10000 sentences processed...
Sentence annotation finished!
Sentence annotation finished!
Sentence annotation finished!


In [9]:
os.mkdir(subdir + 'sentence_level_annotation')

In [10]:
conll_train_sent_level.to_csv(subdir + 'sentence_level_annotation/conll2003_sent_train.tsv', sep='\t', index=False, header=False)
conll_dev_sent_level.to_csv(subdir + 'sentence_level_annotation/conll2003_sent_dev.tsv', sep='\t', index=False, header=False)
conll_test_sent_level.to_csv(subdir + 'sentence_level_annotation/conll2003_sent_test.tsv', sep='\t', index=False, header=False)

## Convert SemEval 2010 to sentence level

In [223]:
subdir = './datasets/SemEval2010/'
subtask = 'SemEval2010'

In [225]:
semeval_train = load_semeval2010_files(train=True)
semeval_test_sents = load_semeval2010_files(train=False)
semeval_test_labels = load_semeval2010_files(train=False, labels=True)

In [226]:
semeval_train = extract_rel_labels(semeval_train, train=True)
semeval_test_sents = extract_rel_labels(semeval_test_sents, train=False)
semeval_test_labels = extract_rel_labels(semeval_test_labels, train=False, keys=True)

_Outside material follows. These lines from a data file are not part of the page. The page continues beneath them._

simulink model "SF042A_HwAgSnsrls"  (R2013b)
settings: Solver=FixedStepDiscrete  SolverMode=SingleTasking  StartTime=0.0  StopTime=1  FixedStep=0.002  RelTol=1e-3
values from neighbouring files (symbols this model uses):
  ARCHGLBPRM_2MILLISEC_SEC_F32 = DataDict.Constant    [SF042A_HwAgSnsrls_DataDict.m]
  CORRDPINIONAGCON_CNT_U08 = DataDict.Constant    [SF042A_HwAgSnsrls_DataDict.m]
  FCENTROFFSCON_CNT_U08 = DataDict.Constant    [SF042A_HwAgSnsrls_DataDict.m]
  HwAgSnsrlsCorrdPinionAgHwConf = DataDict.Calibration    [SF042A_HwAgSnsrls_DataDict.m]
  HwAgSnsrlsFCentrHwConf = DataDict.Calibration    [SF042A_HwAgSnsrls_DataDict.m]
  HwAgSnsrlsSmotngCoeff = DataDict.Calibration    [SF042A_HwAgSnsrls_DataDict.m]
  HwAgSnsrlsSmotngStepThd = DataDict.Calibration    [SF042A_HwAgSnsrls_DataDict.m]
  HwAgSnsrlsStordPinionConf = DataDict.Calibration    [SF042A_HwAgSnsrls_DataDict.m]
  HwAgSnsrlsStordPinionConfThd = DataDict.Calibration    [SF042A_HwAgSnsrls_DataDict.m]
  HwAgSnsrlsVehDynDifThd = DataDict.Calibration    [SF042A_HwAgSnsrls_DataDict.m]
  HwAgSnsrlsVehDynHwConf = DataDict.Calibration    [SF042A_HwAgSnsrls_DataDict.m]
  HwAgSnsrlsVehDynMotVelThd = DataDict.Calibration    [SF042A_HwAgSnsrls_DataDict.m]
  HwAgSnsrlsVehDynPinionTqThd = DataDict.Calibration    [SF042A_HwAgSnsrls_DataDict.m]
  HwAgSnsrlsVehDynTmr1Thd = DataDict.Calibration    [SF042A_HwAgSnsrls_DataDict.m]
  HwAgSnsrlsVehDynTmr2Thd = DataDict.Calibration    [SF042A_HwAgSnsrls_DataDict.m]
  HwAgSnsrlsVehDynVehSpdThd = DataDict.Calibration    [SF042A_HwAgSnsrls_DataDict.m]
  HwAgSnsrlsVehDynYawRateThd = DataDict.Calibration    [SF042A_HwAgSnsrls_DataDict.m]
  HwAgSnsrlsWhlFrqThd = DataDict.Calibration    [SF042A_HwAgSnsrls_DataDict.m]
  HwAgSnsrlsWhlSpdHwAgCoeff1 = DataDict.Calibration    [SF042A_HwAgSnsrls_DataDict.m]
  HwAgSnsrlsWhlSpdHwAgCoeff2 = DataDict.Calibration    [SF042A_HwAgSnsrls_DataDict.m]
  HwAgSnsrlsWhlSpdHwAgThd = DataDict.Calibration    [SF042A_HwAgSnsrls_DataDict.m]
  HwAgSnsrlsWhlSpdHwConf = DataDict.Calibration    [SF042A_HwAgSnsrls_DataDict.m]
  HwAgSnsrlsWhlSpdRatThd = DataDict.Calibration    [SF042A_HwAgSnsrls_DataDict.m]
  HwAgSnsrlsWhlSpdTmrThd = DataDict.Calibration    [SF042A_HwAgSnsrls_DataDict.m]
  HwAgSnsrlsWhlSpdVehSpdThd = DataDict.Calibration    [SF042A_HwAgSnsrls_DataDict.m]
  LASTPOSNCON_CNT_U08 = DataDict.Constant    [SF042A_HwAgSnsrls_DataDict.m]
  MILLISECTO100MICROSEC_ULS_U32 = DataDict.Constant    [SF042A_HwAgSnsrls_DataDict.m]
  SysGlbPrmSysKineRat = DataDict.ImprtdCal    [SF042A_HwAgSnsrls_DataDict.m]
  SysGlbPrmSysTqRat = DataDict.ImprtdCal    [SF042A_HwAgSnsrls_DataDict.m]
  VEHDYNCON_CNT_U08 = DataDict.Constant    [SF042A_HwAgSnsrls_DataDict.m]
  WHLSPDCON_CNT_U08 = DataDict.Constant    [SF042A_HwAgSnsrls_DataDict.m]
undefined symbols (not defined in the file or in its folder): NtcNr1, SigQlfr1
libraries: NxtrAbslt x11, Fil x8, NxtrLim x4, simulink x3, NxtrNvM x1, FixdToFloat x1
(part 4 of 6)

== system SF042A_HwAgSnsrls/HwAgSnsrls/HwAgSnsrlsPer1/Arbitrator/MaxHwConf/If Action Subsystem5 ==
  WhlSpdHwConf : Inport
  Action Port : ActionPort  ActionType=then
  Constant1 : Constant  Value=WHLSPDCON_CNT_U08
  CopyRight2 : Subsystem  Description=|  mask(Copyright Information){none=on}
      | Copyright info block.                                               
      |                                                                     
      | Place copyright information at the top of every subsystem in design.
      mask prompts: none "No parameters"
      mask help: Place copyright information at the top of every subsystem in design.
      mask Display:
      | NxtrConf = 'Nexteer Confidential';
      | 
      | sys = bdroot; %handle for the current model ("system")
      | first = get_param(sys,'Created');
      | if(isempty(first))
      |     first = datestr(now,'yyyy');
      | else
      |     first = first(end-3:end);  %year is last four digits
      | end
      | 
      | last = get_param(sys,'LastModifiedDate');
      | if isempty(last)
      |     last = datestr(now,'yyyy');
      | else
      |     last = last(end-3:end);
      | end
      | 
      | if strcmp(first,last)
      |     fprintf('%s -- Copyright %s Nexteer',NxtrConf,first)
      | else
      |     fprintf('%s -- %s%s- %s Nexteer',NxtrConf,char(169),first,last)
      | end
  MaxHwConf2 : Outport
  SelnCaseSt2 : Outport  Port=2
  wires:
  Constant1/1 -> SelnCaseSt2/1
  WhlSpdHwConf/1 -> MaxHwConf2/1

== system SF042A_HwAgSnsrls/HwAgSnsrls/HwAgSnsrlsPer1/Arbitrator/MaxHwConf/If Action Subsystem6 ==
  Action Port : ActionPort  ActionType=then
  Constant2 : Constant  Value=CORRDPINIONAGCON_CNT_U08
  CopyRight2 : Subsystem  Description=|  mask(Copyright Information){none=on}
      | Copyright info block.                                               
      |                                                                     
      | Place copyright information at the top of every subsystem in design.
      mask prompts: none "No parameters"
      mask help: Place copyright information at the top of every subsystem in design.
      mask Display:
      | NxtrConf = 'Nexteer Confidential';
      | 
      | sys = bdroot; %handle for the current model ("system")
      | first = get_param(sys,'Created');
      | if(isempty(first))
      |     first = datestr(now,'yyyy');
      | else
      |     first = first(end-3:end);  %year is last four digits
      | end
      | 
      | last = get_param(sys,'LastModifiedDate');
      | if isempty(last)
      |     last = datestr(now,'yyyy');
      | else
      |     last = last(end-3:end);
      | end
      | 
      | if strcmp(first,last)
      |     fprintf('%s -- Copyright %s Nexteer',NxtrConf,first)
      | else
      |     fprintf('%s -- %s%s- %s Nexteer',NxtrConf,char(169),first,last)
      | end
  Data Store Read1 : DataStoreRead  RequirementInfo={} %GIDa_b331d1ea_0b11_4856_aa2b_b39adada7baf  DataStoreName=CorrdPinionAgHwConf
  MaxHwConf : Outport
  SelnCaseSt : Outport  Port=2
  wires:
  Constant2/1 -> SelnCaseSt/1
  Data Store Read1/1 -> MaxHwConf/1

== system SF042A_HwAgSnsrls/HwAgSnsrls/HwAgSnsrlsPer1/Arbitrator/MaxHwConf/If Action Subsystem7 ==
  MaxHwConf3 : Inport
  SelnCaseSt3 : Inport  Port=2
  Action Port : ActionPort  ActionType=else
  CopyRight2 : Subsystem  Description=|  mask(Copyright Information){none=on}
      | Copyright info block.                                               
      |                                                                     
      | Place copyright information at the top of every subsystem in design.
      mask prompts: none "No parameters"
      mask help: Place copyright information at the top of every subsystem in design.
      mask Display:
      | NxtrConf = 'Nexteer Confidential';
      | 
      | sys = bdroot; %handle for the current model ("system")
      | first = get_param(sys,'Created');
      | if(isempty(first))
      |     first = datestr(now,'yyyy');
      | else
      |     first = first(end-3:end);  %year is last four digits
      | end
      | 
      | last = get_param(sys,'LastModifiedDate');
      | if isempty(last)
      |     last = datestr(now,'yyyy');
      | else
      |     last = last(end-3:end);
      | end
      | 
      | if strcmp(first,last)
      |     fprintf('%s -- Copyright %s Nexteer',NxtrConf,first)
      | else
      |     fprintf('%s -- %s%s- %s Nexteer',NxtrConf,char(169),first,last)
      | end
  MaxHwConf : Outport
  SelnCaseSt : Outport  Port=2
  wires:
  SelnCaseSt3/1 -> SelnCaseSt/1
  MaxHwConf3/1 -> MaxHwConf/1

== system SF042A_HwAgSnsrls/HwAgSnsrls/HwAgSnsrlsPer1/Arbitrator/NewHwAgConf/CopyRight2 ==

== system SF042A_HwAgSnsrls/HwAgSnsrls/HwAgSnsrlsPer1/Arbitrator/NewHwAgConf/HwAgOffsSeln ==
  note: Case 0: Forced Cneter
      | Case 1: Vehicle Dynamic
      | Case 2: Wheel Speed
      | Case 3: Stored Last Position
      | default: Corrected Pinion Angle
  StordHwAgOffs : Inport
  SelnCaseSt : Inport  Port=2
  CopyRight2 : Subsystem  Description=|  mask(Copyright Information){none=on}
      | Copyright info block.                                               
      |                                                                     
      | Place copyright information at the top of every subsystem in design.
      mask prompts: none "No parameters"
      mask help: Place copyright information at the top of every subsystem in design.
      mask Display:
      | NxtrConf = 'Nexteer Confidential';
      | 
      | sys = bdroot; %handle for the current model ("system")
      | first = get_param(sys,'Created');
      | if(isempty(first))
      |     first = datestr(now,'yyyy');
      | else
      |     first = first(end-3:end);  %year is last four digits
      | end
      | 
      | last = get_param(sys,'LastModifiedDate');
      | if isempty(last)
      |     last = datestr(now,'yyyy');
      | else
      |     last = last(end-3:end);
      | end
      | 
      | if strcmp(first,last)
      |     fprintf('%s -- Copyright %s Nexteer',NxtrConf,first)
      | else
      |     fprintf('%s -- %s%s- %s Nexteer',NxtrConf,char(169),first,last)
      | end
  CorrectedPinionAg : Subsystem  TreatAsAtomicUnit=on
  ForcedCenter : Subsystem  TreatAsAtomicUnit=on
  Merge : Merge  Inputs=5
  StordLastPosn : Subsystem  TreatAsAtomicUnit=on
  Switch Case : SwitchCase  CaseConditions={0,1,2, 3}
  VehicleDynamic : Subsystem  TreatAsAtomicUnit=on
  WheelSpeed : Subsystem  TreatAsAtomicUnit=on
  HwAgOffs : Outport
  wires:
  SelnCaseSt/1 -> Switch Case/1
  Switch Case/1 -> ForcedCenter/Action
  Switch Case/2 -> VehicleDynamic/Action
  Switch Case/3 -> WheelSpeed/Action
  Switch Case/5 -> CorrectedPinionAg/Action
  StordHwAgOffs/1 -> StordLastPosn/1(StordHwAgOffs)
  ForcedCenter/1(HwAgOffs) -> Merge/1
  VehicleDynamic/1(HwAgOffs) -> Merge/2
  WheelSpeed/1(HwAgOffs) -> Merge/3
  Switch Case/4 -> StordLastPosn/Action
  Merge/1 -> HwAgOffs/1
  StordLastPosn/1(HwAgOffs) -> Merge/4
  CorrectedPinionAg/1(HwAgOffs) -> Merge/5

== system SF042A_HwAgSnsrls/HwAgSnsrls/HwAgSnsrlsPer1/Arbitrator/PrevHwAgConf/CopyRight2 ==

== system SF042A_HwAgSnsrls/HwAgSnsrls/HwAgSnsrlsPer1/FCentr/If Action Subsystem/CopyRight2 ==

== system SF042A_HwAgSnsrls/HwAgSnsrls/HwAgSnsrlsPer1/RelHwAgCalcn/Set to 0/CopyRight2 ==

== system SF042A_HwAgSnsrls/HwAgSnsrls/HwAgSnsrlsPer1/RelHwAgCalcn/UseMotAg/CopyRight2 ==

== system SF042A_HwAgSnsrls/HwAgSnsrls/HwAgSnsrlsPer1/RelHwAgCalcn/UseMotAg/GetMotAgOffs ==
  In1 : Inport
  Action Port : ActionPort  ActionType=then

semeval_dev_sents = semeval_test_sents[:len(semeval_test_sents)//2]
semeval_test_sents = semeval_test_sents[len(semeval_test_sents)//2:]

semeval_dev_labels = semeval_test_labels[:len(semeval_test_labels)//2]
semeval_test_labels = semeval_test_labels[len(semeval_test_labels)//2:]

assert len(semeval_dev_sents) == len(semeval_dev_labels)
assert len(semeval_test_sents) == len(semeval_test_labels)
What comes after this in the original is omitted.